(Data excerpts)
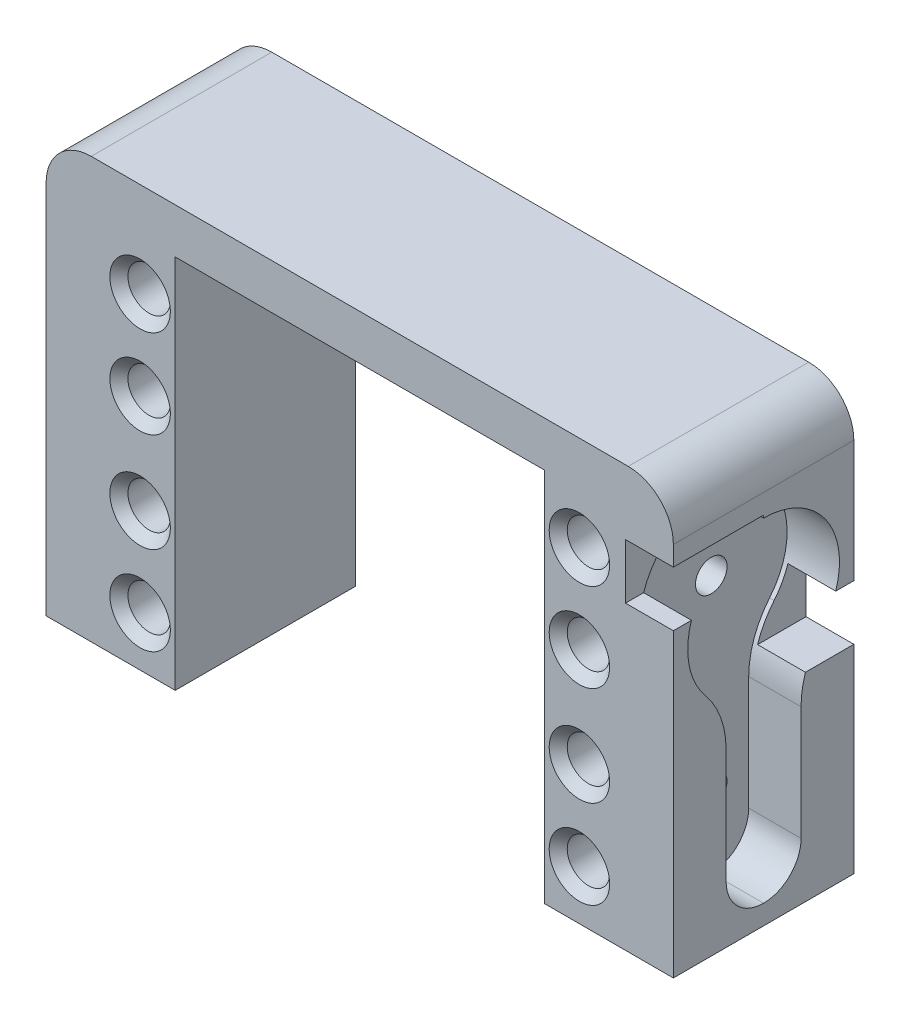
SolidWorks part; units mm, degrees
material "ABS"
ref_plane "Front Plane" through (0, 0, 0) normal (0, 0, 1) x (1, 0, 0)
ref_plane "Top Plane" through (0, 0, 0) normal (0, 1, 0) x (1, 0, 0)
ref_plane "Right Plane" through (0, 0, 0) normal (1, 0, 0) x (0, 0, -1)
sketch "Sketch1" plane through (0, 0, 0) normal (1, 0, 0) x (0, 0, -1)
  line L1 (-10, 10) -> (10, 10)
  line L2 (-10, 10) -> (-10, -10)
  line L3 (-10, -10) -> (10, -10)
  line L4 (10, 10) -> (10, -10)
  line L5 (-10, 10) -> (10, -10) construction
  line L6 (-10, -10) -> (10, 10) construction
  point P0 (0, 0)
  dimension "D1" = 20
  dimension "D2" = 20
extrude "Boss-Extrude1" add sketch "Sketch1" along normal blind 20
sketch "Sketch2" plane through (20, 0, 0) normal (1, 0, 0) x (0, 0, -1)
  line L1 (-10, 35) -> (10, 35)
  line L2 (-10, 35) -> (-10, -35)
  line L3 (-10, -35) -> (10, -35)
  line L4 (10, 35) -> (10, -35)
  line L5 (-10, 35) -> (10, -35) construction
  line L6 (-10, -35) -> (10, 35) construction
  point P0 (0, 0)
  dimension "D1" = 20
  dimension "D2" = 70
extrude "Boss-Extrude2" add sketch "Sketch2" along normal blind 10.3
sketch "Sketch4" plane through (30.3, 0, 0) normal (1, 0, 0) x (0, 0, -1)
  line L0 (0, 7.65) -> (0, 8.1702) construction
  line L1 (7.65, 7.65) -> (-7.65, 7.65) construction
  line L17 (4.15, -26.55) -> (-4.15, -26.55) construction
  line L18 (-7.65, 7.65) -> (7.65, 7.65) construction
  line L22 (-7.65, 7.65) -> (-7.65, -27.55) construction
  line L23 (-7.65, -27.55) -> (7.65, -27.55) construction
  line L24 (7.65, 7.65) -> (7.65, -27.55) construction
  line L25 (-7.65, 7.65) -> (7.65, -27.55) construction
  line L26 (-7.65, -27.55) -> (7.65, 7.65) construction
  line L27 (4.15, -26.55) -> (4.15, -28.55) construction
  line L28 (4.15, -28.55) -> (-4.15, -28.55) construction
  line L29 (-4.15, -26.55) -> (-4.15, -28.55) construction
  line L30 (4.15, -26.55) -> (-4.15, -28.55) construction
  line L31 (4.15, -28.55) -> (-4.15, -26.55) construction
  line L34 (4.15, -28.55) -> (-4.15, -28.55)
  line L35 (-4.15, -28.55) -> (-4.15, -7.3118)
  line L36 (4.15, -28.55) -> (4.15, -7.3118)
  arc A1 (4.15, -6.4265) -> (-4.15, -6.4265) centre (0, 0) ccw construction
  arc A2 (4.15, -7.3118) -> (-4.15, -7.3118) centre (0, 0) ccw
  point P1 (0, -27.55)
  point P7 (0, -13.75)
  point P10 (0, 7.65)
  point P14 (0, -9.95)
  dimension "D1" = 15.3
  dimension "D5" = 2
  dimension "D2" = 15.3
  dimension "D3" = 35.2
  dimension "D4" = 8.3
extrude "Cut-Extrude1" cut sketch "Sketch4" against normal blind 5.8
fillet "Fillet1" radius 4.15 2 edges at (27.4, -28.55, 4.15) (27.4, -28.55, -4.15)
fillet "Fillet2" radius 10 2 edges at (27.4, -7.3118, 4.15) (27.4, -7.3118, -4.15)
sketch "Sketch5" plane through (0, 0, 0) normal (-1, 0, 0) x (0, 0, 1)
  circle A0 centre (0, 0) radius 1.75
  dimension "D1" = 3.5
extrude "Cut-Extrude2" cut sketch "Sketch5" against normal through all
sketch "Sketch6" plane through (24.5, 0, 0) normal (1, 0, 0) x (0, 0, -1)
  line L0 (0, -19.35) -> (0, 0) construction
  line L1 (0, -25.65) -> (0, -23.15) construction
  line L2 (0, -23.15) -> (0, -21.85) construction
  line L3 (0, -21.85) -> (0, -19.35) construction
  line L5 (0, 0) -> (1.164, 0) construction
  line L6 (0, 0) -> (0, -9.35) construction
  line L7 (0, -9.35) -> (1.164, -9.35) construction
  line L8 (1.164, 0) -> (1.164, -9.35) construction
  line L9 (0, 0) -> (1.164, -9.35) construction
  line L10 (0, -9.35) -> (1.164, 0) construction
  circle A0 centre (0, -20.6) radius 1.75
  circle A1 centre (0, -9.35) radius 1.75 construction
  point P11 (0.582, -4.675)
  dimension "D5" = 3.5
  dimension "D6" = 9.35
  dimension "D7" = 3.5
  dimension "D1" = 19.35
  dimension "D2" = 2.5
  dimension "D3" = 1.3
  dimension "D4" = 2.5
extrude "Cut-Extrude3" cut sketch "Sketch6" against normal up to next
sketch "Sketch13" plane through (0, 0, 0) normal (-1, 0, 0) x (0, 0, 1)
  line L1 (-10, 10) -> (10, 10)
  line L2 (-10, 10) -> (-10, -10)
  line L3 (-10, -10) -> (10, -10)
  line L4 (10, 10) -> (10, -10)
extrude "Cut-Extrude9" cut sketch "Sketch13" against normal up to surface (20 mm away) up to face at (20, 22.5, 0)
sketch "Sketch29" plane through (30.3, 0, 0) normal (1, 0, 0) x (0, 0, -1)
  line L0 (0, 0) -> (0, 2.6) construction
  line L1 (15.1094, -8.7) -> (15.1094, -2.6)
  line L2 (0, 2.6) -> (-15.1094, 2.6)
  line L4 (0, 2.6) -> (0, 3.8)
  line L5 (0, 3.8) -> (0, 7.5)
  line L6 (0, 7.5) -> (0, 8.7)
  line L7 (0, 8.7) -> (-15.1094, 8.7)
  line L8 (-15.1094, 8.7) -> (-15.1094, 2.6)
  line L9 (0, -2.6) -> (15.1094, -2.6)
  line L10 (0, -2.6) -> (0, -3.8)
  line L11 (0, -3.8) -> (0, -7.5)
  line L12 (0, -7.5) -> (0, -8.7)
  line L13 (0, -8.7) -> (15.1094, -8.7)
  point P19 (0, 0)
  dimension "D1" = 2.6
  dimension "D2" = 1.2
  dimension "D3" = 3.7
  dimension "D4" = 1.2
  dimension "D5" = 2
extrude "Cut-Extrude18" cut sketch "Sketch29" against normal blind 5.3
sketch "Sketch32" plane through (30.3, 0, 0) normal (1, 0, 0) x (0, 0, -1)
  line L0 (0, -28.55) -> (0, -35.725) construction
  line L1 (10, -35) -> (10, -8.7) construction
  line L2 (-10, -35) -> (10, -35)
  line L3 (-10, -35) -> (-10, -35.725)
  line L4 (-10, -35.725) -> (10, -35.725)
  line L5 (10, -35) -> (10, -35.725)
  dimension "D1" = 7.175
extrude "Boss-Extrude3" add sketch "Sketch32" against normal up to surface (10.3 mm away) up to face at (20, 0, 0)
sketch "Sketch31" plane through (30.3, 0, 0) normal (1, 0, 0) x (0, 0, -1)
  line L2 (0, 8.7) -> (0, 15.875) construction
  line L3 (10, -2.6) -> (10, 35) construction
  line L4 (-10, 35) -> (10, 35)
  line L5 (-10, 35) -> (-10, 15.875)
  line L6 (-10, 15.875) -> (10, 15.875)
  line L7 (10, 35) -> (10, 15.875)
  dimension "D1" = 7.175
extrude "Cut-Extrude19" cut sketch "Sketch31" against normal through all
sketch "Sketch34" plane through (20, 0, 0) normal (-1, 0, 0) x (0, 0, 1)
  line L4 (10, -35.725) -> (10, 15.875)
  line L5 (10, 15.875) -> (-10, 15.875)
  line L6 (-10, 15.875) -> (-10, -35.725)
  line L7 (-10, -35.725) -> (10, -35.725)
  line L8 (10, -35.725) -> (10, 15.875)
  line L9 (10, 15.875) -> (-10, 15.875)
  line L10 (-10, 15.875) -> (-10, -35.725)
  line L11 (-10, -35.725) -> (10, -35.725)
  circle A0 centre (0, -20.6) radius 1.75 construction
  circle A1 centre (0, 0) radius 1.75 construction
  circle A2 centre (0, -20.6) radius 1.75
  circle A3 centre (0, 0) radius 1.75
  dimension "D1" = 0
extrude "Boss-Extrude5" add sketch "Sketch34" along normal blind 4
sketch "Sketch35" plane through (16, 0, 0) normal (-1, 0, 0) x (0, 0, 1)
  line L0 (10, -35.725) -> (10, 15.875) construction
  line L1 (-10, 15.875) -> (10, 15.875)
  line L2 (-10, 15.875) -> (-10, 10.875)
  line L3 (-10, 10.875) -> (10, 10.875)
  line L4 (10, 15.875) -> (10, 10.875)
  line L5 (0, 10.875) -> (0, -30.725) construction
  line L6 (-10, -35.725) -> (10, -35.725) construction
  line L7 (-10, -35.725) -> (-10, -30.725) construction
  line L8 (-10, -30.725) -> (10, -30.725) construction
  line L9 (10, -35.725) -> (10, -30.725) construction
  dimension "D1" = 41.6
extrude "Boss-Extrude6" add sketch "Sketch35" along normal blind 40.9
sketch "Sketch37" plane through (-24.9, 0, 0) normal (-1, 0, 0) x (0, 0, 1)
  line L1 (-10, 15.875) -> (10, 15.875)
  line L2 (-10, 15.875) -> (-10, -35.725)
  line L3 (-10, -35.725) -> (10, -35.725)
  line L4 (10, 15.875) -> (10, -35.725)
extrude "Boss-Extrude7" add sketch "Sketch37" along normal blind 14.3
sketch "Sketch38" plane through (0, 0, 10) normal (0, 0, 1) x (1, 0, 0)
  line L0 (-24.9, 10.875) -> (-24.9, -9.925) construction
  line L1 (-24.9, -9.925) -> (-24.9, -30.725) construction
  line L2 (-24.9, -35.725) -> (-24.9, 10.875) construction
  line L3 (-24.9, -9.925) -> (-39.2, -9.925) construction
  line L4 (-39.2, -35.725) -> (-39.2, 15.875) construction
  line L5 (-24.9, 0.475) -> (-28.79, 0.475) construction
  line L6 (-28.79, 0.475) -> (-28.79, 5.375) construction
  line L7 (-24.9, 10.875) -> (16, 10.875) construction
  line L8 (-4.45, 10.875) -> (-4.45, -35.725) construction
  line L9 (-24.9, -35.725) -> (-4.45, -35.725) construction
  circle A0 centre (-28.79, 5.375) radius 2.35
  circle A1 centre (-28.79, -4.425) radius 2.35
  circle A2 centre (-28.79, -25.225) radius 2.35
  circle A3 centre (-28.79, -15.425) radius 2.35
  circle A4 centre (19.89, 5.375) radius 2.35
  circle A5 centre (19.89, -4.425) radius 2.35
  circle A6 centre (19.89, -15.425) radius 2.35
  circle A7 centre (19.89, -25.225) radius 2.35
  dimension "D4" = 4.7
  dimension "D1" = 41.6
  dimension "D2" = 3.89
  dimension "D3" = 4.9
extrude "Cut-Extrude20" cut sketch "Sketch38" against normal blind 8
chamfer "Chamfer1" distance 1 angle 45 8 edges at (22.24, -25.225, 10) (17.54, -15.425, 10) (22.24, -4.425, 10) (17.54, 5.375, 10) (-26.44, 5.375, 10) (-26.44, -15.425, 10) (-31.14, -25.225, 10) (-31.14, -4.425, 10)
sketch "Sketch39" plane through (0, 0, 10) normal (0, 0, 1) x (1, 0, 0)
  line L0 (30.3, 2.6) -> (30.3, -35.725) construction
  line L1 (-39.2, -35.725) -> (30.3, -35.725)
  line L2 (-39.2, -35.725) -> (-39.2, -30.725)
  line L3 (-39.2, -30.725) -> (30.3, -30.725)
  line L4 (30.3, -35.725) -> (30.3, -30.725)
  dimension "D1" = 5
extrude "Cut-Extrude21" cut sketch "Sketch39" against normal through all
sketch "Sketch40" plane through (0, -30.725, 0) normal (0, -1, 0) x (1, 0, 0)
  line L0 (-32.05, 10) -> (-32.05, -10) construction
  line L1 (-24.9, 10) -> (-39.2, 10) construction
  line L2 (-24.9, -10) -> (-39.2, -10) construction
  line L4 (23.15, 10) -> (23.15, -10) construction
  line L5 (30.3, 10) -> (16, 10) construction
  line L6 (30.3, -10) -> (16, -10) construction
  line L7 (23.15, 0) -> (-32.05, 0) construction
  line L8 (-4.45, 0) -> (-4.45, -10) construction
  line L9 (-4.45, -10) -> (-32.05, -10) construction
  line L10 (-24.9, 10) -> (-24.9, -10) construction
  circle A2 centre (-28.79, 0) radius 2.35
  circle A3 centre (19.89, 0) radius 2.35
  dimension "D1" = 3.89
  dimension "D2" = 4.7
extrude "Cut-Extrude22" cut sketch "Sketch40" against normal blind 8
chamfer "Chamfer2" distance 1 angle 45 2 edges at (17.54, -30.725, 0) (-26.44, -30.725, 0)
fillet "Fillet3" radius 5 2 edges at (30.3, 15.875, 0) (-39.2, 15.875, 0)

* WHAT IS NEEDED:
Your task is to repeat the opening line of the entries above and each line after it, ending with the line that has "line L0 (0, 7.65)". Do not include the pictures.

* SOLUTION FOR THIS PROBLEM:
SolidWorks part; units mm, degrees
material "ABS"
ref_plane "Front Plane" through (0, 0, 0) normal (0, 0, 1) x (1, 0, 0)
ref_plane "Top Plane" through (0, 0, 0) normal (0, 1, 0) x (1, 0, 0)
ref_plane "Right Plane" through (0, 0, 0) normal (1, 0, 0) x (0, 0, -1)
sketch "Sketch1" plane through (0, 0, 0) normal (1, 0, 0) x (0, 0, -1)
  line L1 (-10, 10) -> (10, 10)
  line L2 (-10, 10) -> (-10, -10)
  line L3 (-10, -10) -> (10, -10)
  line L4 (10, 10) -> (10, -10)
  line L5 (-10, 10) -> (10, -10) construction
  line L6 (-10, -10) -> (10, 10) construction
  point P0 (0, 0)
  dimension "D1" = 20
  dimension "D2" = 20
extrude "Boss-Extrude1" add sketch "Sketch1" along normal blind 20
sketch "Sketch2" plane through (20, 0, 0) normal (1, 0, 0) x (0, 0, -1)
  line L1 (-10, 35) -> (10, 35)
  line L2 (-10, 35) -> (-10, -35)
  line L3 (-10, -35) -> (10, -35)
  line L4 (10, 35) -> (10, -35)
  line L5 (-10, 35) -> (10, -35) construction
  line L6 (-10, -35) -> (10, 35) construction
  point P0 (0, 0)
  dimension "D1" = 20
  dimension "D2" = 70
extrude "Boss-Extrude2" add sketch "Sketch2" along normal blind 10.3
sketch "Sketch4" plane through (30.3, 0, 0) normal (1, 0, 0) x (0, 0, -1)
  line L0 (0, 7.65) -> (0, 8.1702) construction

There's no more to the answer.